The person x source interaction reflects variance that is common across multiple raters from a given rating source and is akin to a general performance factor that is shared across raters from one level. For instance, all the ratings provided by one peer converge with all the ratings provided by another peer but not those provided by supervisors or subordinates. In the exemplar study relied on by Foster et al. (Reference Foster, Steel, Harms, O’Neill and Wood2024) the person x source interaction explained 20%–27%, nearly as large as the person main effect. By focusing on the person main effect only, Foster et al. (Reference Foster, Steel, Harms, O’Neill and Wood2024) imply that the only valid variance in a given performance dimension (e.g., contextual performance) is that which is common between supervisors and peers. This seems problematic from an ecological perspective (Lance et al., Reference Lance, Hoffman, Gentry and Baranik2008) in that supervisors and peers are likely exposed to different elements of contextual performance, so that valid variance in performance will reflect both a common (person main effect) and source specific factor (person by source interaction). Indeed, Hoffman and Woehr (Reference Hoffman and Woehr2009) have shown that source effects are differentially correlated with predictors commonly used in selection settings (e.g., assessment centers, cognitive ability, and personality).

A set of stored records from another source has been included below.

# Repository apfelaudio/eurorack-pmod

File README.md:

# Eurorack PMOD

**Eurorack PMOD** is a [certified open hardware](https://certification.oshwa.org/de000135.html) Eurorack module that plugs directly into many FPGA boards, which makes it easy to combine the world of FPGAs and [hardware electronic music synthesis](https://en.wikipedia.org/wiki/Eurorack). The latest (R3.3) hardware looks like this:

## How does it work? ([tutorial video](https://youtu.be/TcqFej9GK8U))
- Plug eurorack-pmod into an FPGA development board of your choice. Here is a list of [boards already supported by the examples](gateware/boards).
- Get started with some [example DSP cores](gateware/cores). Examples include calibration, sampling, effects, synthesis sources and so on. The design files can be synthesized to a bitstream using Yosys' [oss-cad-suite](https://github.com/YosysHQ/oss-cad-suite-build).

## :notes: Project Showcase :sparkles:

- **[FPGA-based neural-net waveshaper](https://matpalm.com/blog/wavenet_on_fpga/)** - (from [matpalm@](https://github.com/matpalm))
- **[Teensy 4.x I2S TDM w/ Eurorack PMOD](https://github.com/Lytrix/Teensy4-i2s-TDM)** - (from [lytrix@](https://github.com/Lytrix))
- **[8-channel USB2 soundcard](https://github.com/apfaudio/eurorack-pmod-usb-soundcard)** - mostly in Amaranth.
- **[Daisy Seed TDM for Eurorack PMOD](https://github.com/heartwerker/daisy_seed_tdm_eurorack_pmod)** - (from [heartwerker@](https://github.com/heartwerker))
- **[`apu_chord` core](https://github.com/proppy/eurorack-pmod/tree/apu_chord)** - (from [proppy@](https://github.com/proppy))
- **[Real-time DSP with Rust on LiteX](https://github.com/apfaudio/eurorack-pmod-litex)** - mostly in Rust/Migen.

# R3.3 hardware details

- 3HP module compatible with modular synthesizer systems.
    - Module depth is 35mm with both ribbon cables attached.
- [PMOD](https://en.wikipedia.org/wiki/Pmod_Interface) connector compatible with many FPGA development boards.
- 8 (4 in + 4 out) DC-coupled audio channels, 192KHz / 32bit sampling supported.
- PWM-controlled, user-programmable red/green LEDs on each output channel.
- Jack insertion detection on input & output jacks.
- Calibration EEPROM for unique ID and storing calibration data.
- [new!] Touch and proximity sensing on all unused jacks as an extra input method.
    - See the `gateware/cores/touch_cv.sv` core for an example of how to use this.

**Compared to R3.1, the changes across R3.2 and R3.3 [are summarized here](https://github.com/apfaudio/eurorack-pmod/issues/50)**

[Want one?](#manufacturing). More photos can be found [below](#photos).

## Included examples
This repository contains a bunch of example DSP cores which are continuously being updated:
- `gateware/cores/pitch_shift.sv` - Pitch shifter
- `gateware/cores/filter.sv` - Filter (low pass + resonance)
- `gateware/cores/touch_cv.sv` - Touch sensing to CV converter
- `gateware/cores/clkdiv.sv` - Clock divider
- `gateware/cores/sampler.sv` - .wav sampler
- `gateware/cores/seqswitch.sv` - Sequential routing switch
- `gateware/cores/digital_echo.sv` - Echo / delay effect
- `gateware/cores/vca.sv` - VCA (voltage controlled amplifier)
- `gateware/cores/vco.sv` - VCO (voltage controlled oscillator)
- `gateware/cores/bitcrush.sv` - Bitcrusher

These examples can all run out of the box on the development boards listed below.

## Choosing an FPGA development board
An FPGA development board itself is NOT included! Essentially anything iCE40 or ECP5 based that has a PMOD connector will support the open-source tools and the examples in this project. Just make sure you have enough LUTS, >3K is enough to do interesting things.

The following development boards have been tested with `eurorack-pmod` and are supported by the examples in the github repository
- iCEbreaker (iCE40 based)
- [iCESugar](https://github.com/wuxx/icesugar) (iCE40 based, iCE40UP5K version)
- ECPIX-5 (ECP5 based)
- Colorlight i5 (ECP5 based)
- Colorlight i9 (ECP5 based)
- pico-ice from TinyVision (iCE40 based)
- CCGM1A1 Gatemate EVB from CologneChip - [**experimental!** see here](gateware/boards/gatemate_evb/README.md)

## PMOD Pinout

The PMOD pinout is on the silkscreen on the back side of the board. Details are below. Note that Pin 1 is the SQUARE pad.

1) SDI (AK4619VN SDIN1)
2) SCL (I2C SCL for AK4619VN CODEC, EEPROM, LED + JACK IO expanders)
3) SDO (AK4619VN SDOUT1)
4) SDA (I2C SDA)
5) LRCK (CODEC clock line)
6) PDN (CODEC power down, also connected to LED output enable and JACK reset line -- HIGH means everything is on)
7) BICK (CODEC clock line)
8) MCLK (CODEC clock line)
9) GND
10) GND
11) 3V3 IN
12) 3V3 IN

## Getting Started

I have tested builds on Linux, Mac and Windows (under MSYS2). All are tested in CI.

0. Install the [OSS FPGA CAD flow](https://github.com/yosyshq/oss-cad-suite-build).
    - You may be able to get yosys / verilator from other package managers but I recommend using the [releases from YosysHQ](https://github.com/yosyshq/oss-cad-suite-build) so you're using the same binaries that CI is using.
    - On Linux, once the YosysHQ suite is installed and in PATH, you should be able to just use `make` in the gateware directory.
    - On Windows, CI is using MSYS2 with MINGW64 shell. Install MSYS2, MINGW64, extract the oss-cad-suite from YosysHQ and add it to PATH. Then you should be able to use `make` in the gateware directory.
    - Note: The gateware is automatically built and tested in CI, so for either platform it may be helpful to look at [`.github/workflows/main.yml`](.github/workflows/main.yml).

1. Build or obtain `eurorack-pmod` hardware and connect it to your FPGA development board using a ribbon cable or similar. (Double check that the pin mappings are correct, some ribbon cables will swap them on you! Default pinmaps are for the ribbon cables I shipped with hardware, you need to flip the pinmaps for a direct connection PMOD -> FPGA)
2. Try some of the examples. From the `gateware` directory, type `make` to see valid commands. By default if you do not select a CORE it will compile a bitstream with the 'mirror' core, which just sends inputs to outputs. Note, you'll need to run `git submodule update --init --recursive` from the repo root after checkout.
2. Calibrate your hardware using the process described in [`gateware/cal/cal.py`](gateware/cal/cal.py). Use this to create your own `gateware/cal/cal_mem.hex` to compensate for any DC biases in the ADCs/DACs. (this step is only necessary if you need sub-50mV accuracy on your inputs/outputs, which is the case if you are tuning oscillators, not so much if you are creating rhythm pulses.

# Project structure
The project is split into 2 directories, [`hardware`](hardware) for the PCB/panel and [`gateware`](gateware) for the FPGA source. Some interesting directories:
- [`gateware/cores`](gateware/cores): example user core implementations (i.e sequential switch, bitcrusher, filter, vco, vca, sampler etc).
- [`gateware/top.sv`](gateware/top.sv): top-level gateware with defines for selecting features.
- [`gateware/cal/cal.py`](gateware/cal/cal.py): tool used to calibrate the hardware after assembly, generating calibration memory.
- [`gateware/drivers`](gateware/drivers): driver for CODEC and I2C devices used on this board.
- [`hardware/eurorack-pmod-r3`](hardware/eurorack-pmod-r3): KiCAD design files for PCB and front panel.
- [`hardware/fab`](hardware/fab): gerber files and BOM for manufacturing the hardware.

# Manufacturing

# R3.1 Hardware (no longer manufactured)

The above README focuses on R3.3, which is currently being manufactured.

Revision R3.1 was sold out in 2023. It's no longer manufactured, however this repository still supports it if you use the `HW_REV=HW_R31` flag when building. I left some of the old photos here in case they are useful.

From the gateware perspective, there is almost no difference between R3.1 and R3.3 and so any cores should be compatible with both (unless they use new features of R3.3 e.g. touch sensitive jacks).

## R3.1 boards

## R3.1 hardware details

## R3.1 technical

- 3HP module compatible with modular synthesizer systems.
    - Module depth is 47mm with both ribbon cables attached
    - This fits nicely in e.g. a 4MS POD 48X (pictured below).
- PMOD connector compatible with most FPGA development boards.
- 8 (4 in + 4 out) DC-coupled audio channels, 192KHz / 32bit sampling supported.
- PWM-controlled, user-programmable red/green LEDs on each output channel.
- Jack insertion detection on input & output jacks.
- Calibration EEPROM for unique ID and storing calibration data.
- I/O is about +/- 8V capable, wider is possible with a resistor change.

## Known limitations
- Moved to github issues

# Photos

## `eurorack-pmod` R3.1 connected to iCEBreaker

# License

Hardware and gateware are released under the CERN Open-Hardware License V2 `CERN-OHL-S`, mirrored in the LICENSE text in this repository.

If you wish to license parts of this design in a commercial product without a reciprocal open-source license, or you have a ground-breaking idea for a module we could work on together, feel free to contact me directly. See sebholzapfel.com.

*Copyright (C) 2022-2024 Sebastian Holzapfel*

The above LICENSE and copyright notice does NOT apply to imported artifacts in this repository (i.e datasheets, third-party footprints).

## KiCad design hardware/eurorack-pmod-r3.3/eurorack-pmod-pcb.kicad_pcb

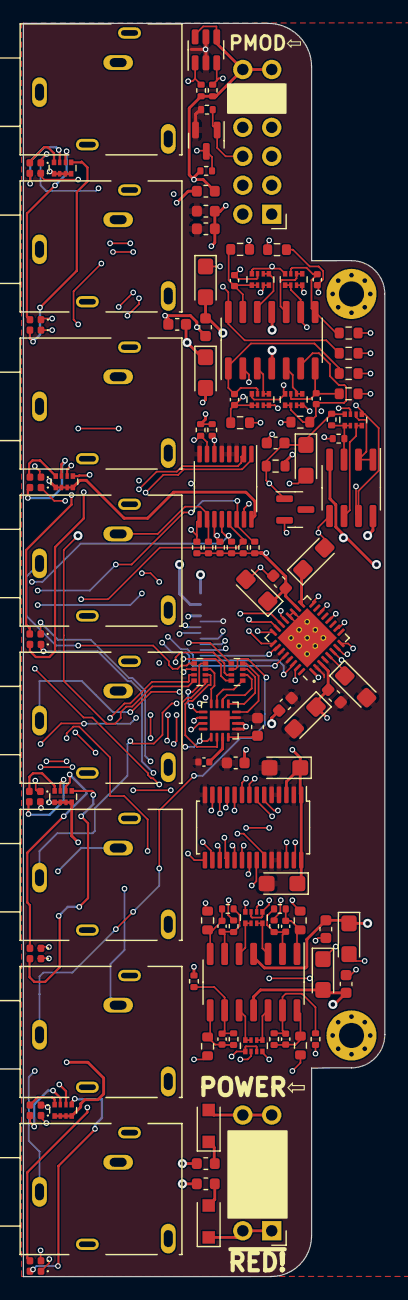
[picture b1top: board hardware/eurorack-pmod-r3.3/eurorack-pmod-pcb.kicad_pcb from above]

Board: 4 copper layers, 31.7 x 110.0 mm, 122 parts (1 on the bottom side), 124 nets.

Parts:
C2, C6, C8, C13, C14, C15, C17, C27, C29, C31: 100nF; C_0603_1608Metric
C3, C10, C16, C28: 100.0uF; CP_EIA-3216-10_Kemet-I
C4, C5, C9, C11, C26: 22.0uF; CP_EIA-3216-10_Kemet-I
C7, C12: 2.2uF; CP_EIA-3216-10_Kemet-I
C18, C19, C20, C21: 220pF; C_0402_1005Metric
C22, C23, C24, C25: 56p; C_0402_1005Metric
C30: 2.2nF; C_0402_1005Metric
D1, D2: 1N4007FL; D_SOD-123F
D3, D5, D7, D9, D11, D13, D15, D17: LED 0402 GREEN; LED_0402_1005Metric
D4, D6, D8, D10, D12, D14, D16, D18: LED 0402 RED; LED_0402_1005Metric
J1: CONN 2x5 P=2.54mm; PinHeader_2x05_P2.54mm_Horizontal
J2: CONN 2x6 P=2.54mm; PinHeader_2x06_P2.54mm_Horizontal
J3: Conn_01x14_Socket; FFC_0.5-14P_CTXJ-H2.0_1
J4, J5, J6, J7, J8, J9, J10, J11: AUDIO JACK PJ-324M0; pj324m
L1, L2, L3, L4, L5: FERRITE; L_0603_1608Metric
Q1: 2N7002E; SOT-23
R1, R2, R3, R4, R5, R8, R11, R14, R17, R20, R21, R24, R25, R28, R29, R32: 4K7; R_0402_1005Metric
R6, R9, R12, R15: 100K; R_0603_1608Metric
R7, R10, R13, R16, R18, R22, R26, R30: 1K; R_0603_1608Metric
R19, R23, R27, R31: 56K; R_0402_1005Metric
R33: 330R; R_0603_1608Metric
R42: X.X; R_0402_1005Metric
R43: 402K; R_0402_1005Metric
RN1, RN2, RN3, RN4: 14.3K; R_Array_Convex_4x0402
RN5, RN6, RN7: 100K; R_Array_Convex_4x0402
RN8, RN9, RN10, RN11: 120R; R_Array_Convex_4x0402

More plainly, source effects reflect variance that can be predicted in selection contexts, and thus, this variance should be included with the person main effect as a predictable source of variance. Indeed, as stated above, if one were to decompose the variance of two supervisors’ ratings (the traditional design of selection systems), then the person x source effect would actually be estimated as part of the person effect. In addition to the person x source interaction, there are several other variance sources that would also contribute to the predictable variance (e.g., person x dimension and person x source x dimension effects,), as these constitute reliable sources of variance.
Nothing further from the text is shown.